What are we afraid of today - and how can we coolly analyse whether our current fears are well-grounded? The cesspool of international politics offers relatively bottomless supplies of things of which one might easily be scared, though it is difficult to evaluate whether one really should be scared. We have been told with some regularity that the Taliban are poised "sixty miles from Islamabad", that North Korea's new missiles can reach the American mid-west, that Israel is preparing to send nuclear-tipped missiles burrowing into Iran, and the suchlike. Perhaps the biggest elephant - or, rather, dragon? - in the room is the rise of China, reminiscent of Thucydides' reflections on the "truest cause" of his war: "The growth of power of Athens and the alarm which this inspired in Sparta". The analogies fit imperfectly, although like America and the USSR, and America and post-1971 China, Athens and Sparta had previously cooperated to see off a common enemy (the Nazis, Soviets, and Persians respectively).

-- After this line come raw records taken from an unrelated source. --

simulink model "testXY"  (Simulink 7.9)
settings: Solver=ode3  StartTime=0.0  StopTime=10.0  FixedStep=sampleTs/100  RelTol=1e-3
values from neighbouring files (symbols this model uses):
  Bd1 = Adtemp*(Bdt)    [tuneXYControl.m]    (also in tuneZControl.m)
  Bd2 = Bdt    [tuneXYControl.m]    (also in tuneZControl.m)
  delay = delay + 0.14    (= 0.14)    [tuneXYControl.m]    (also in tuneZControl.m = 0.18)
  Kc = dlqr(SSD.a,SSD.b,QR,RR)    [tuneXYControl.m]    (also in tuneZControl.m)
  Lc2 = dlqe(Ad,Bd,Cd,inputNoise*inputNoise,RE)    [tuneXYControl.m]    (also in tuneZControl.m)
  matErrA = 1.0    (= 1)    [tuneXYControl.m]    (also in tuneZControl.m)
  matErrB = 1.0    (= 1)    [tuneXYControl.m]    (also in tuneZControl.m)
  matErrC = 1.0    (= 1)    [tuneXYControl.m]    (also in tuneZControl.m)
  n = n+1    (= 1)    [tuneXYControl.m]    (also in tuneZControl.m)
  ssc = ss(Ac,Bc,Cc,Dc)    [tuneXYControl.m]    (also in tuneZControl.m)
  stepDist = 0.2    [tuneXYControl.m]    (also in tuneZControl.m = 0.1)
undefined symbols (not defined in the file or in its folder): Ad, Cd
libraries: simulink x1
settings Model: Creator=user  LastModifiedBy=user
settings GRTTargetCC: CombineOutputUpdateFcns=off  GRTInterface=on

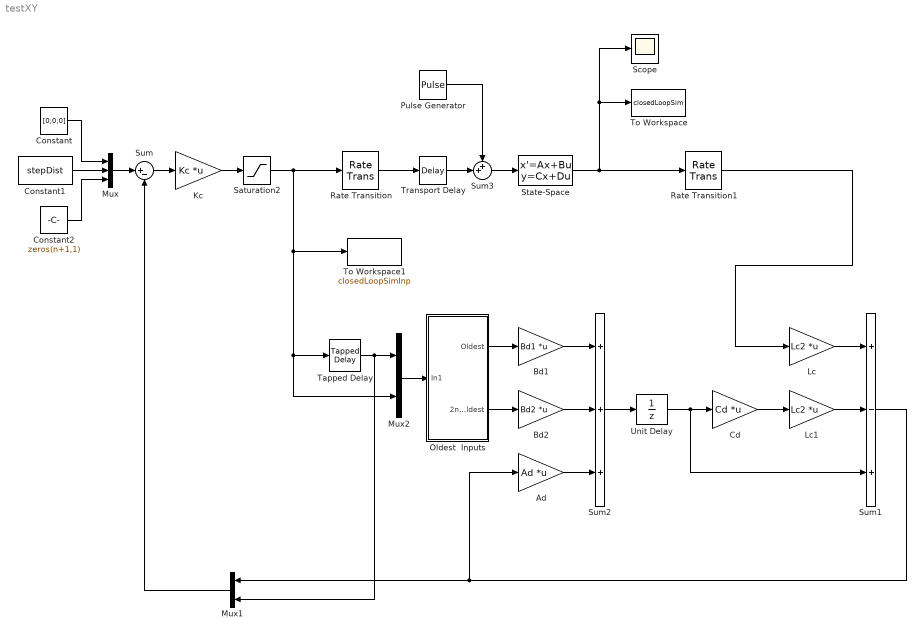
== system testXY ==
  Ad : Gain  Gain=Ad  Multiplication=Matrix(K*u)
  Bd1 : Gain  Gain=Bd1  Multiplication=Matrix(K*u)
  Bd2 : Gain  Gain=Bd2  Multiplication=Matrix(K*u)
  Cd : Gain  Gain=Cd  Multiplication=Matrix(K*u)
  Constant : Constant  Value=[0;0;0]
  Constant1 : Constant  Value=stepDist
  Constant2 : Constant  Value=zeros(n+1,1)
  Kc : Gain  Gain=Kc  Multiplication=Matrix(K*u)
  Lc : Gain  Gain=Lc2  Multiplication=Matrix(K*u)
  Lc1 : Gain  Gain=Lc2  Multiplication=Matrix(K*u)
  Mux : Mux  Inputs=3
  Mux1 : Mux  Inputs=2
  Mux2 : Mux  Inputs=2
  Oldest  Inputs : Subsystem
  Pulse Generator : DiscretePulseGenerator  PulseType=Time based  Amplitude=-stepDist*3.0  Period=100  PulseWidth=0.1  PhaseDelay=5.0
  Rate Transition : RateTransition  Deterministic=off
  Rate Transition1 : RateTransition  Deterministic=off  OutPortSampleTime=sampleTs
  Saturation2 : Saturate  UpperLimit=0.37  LowerLimit=-0.37
  Scope : Scope
  State-Space : StateSpace  A=matErrA*ssc.a  B=matErrB*ssc.b  C=matErrC*ssc.c  D=ssc.d
  Sum : Sum  Inputs=|+-
  Sum1 : Sum  Inputs=+-+
  Sum2 : Sum  Inputs=+++
  Sum3 : Sum  Inputs=++|
  Tapped Delay : simulink/Discrete/Tapped Delay  vinit=0  samptime=sampleTs  NumDelays=n+1  DelayOrder=Oldest  includeCurrent=off
  To Workspace : ToWorkspace  VariableName=closedLoopSim  SampleTime=-1  SaveFormat=Structure With Time
  To Workspace1 : ToWorkspace  VariableName=closedLoopSimInp  SampleTime=-1  SaveFormat=Structure With Time
  Transport Delay : TransportDelay  DelayTime=delay  BufferSize=4096
  Unit Delay : UnitDelay  SampleTime=-1
  wires:
  Constant/1 -> Mux/1
  Constant1/1 -> Mux/2
  Constant2/1 -> Mux/3
  Mux/1 -> Sum/1
  Rate Transition/1 -> Transport Delay/1
  State-Space/1 -> Rate Transition1/1, Scope/1, To Workspace/1
  Rate Transition1/1 -> Lc/1
  Lc/1 -> Sum1/1
  Lc1/1 -> Sum1/2
  Cd/1 -> Lc1/1
  Unit Delay/1 -> Cd/1, Sum1/3
  Sum1/1 -> Mux1/1, Ad/1
  Sum2/1 -> Unit Delay/1
  Sum/1 -> Kc/1
  Ad/1 -> Sum2/3
  Bd2/1 -> Sum2/2
  Bd1/1 -> Sum2/1
  Mux1/1 -> Sum/2
  Oldest  Inputs/1(Oldest) -> Bd1/1
  Oldest  Inputs/2(2ndOldest) -> Bd2/1
  Mux2/1 -> Oldest  Inputs/1(In1)
  Tapped Delay/1 -> Mux2/1, Mux1/2
  Kc/1 -> Saturation2/1
  Saturation2/1 -> Rate Transition/1, Tapped Delay/1, Mux2/2, To Workspace1/1
  Sum3/1 -> State-Space/1
  Transport Delay/1 -> Sum3/2
  Pulse Generator/1 -> Sum3/1

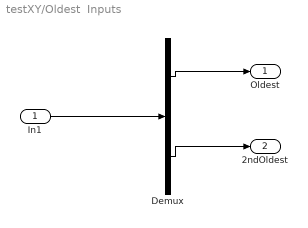
== system testXY/Oldest  Inputs ==
  In1 : Inport
  Demux : Demux  Outputs=n+2
  Oldest : Outport
  2ndOldest : Outport  Port=2
  wires:
  Demux/1 -> Oldest/1
  Demux/2 -> 2ndOldest/1
  In1/1 -> Demux/1

The American strategic community's occasional paroxysms of fear (you will recall the coming Japanese hegemony of the 1980s) do often subside without causing conflict. But fear is the most visceral of motives, not always subject to placid scrutiny. We abjectly lack any objective way of knowing when fear is warranted, and when it feeds either on itself or the self-serving motives in whose service it has been cynically yoked. The very premise of the academic study of international politics should be to overcome this dangerous limitation.
In the not-too-distant glory days of the Bush administration it seemed as though the partisan use of fear was a potent form of political alchemy. We now know that political alchemy, too, has its limits. But they are limits which are imposed by human actions, not natural laws - and that a better understanding of the role of fear in international politics is a first step towards safeguarding them.
Shashank Joshi researches the role of fear in international relations at Harvard University's Department of Government.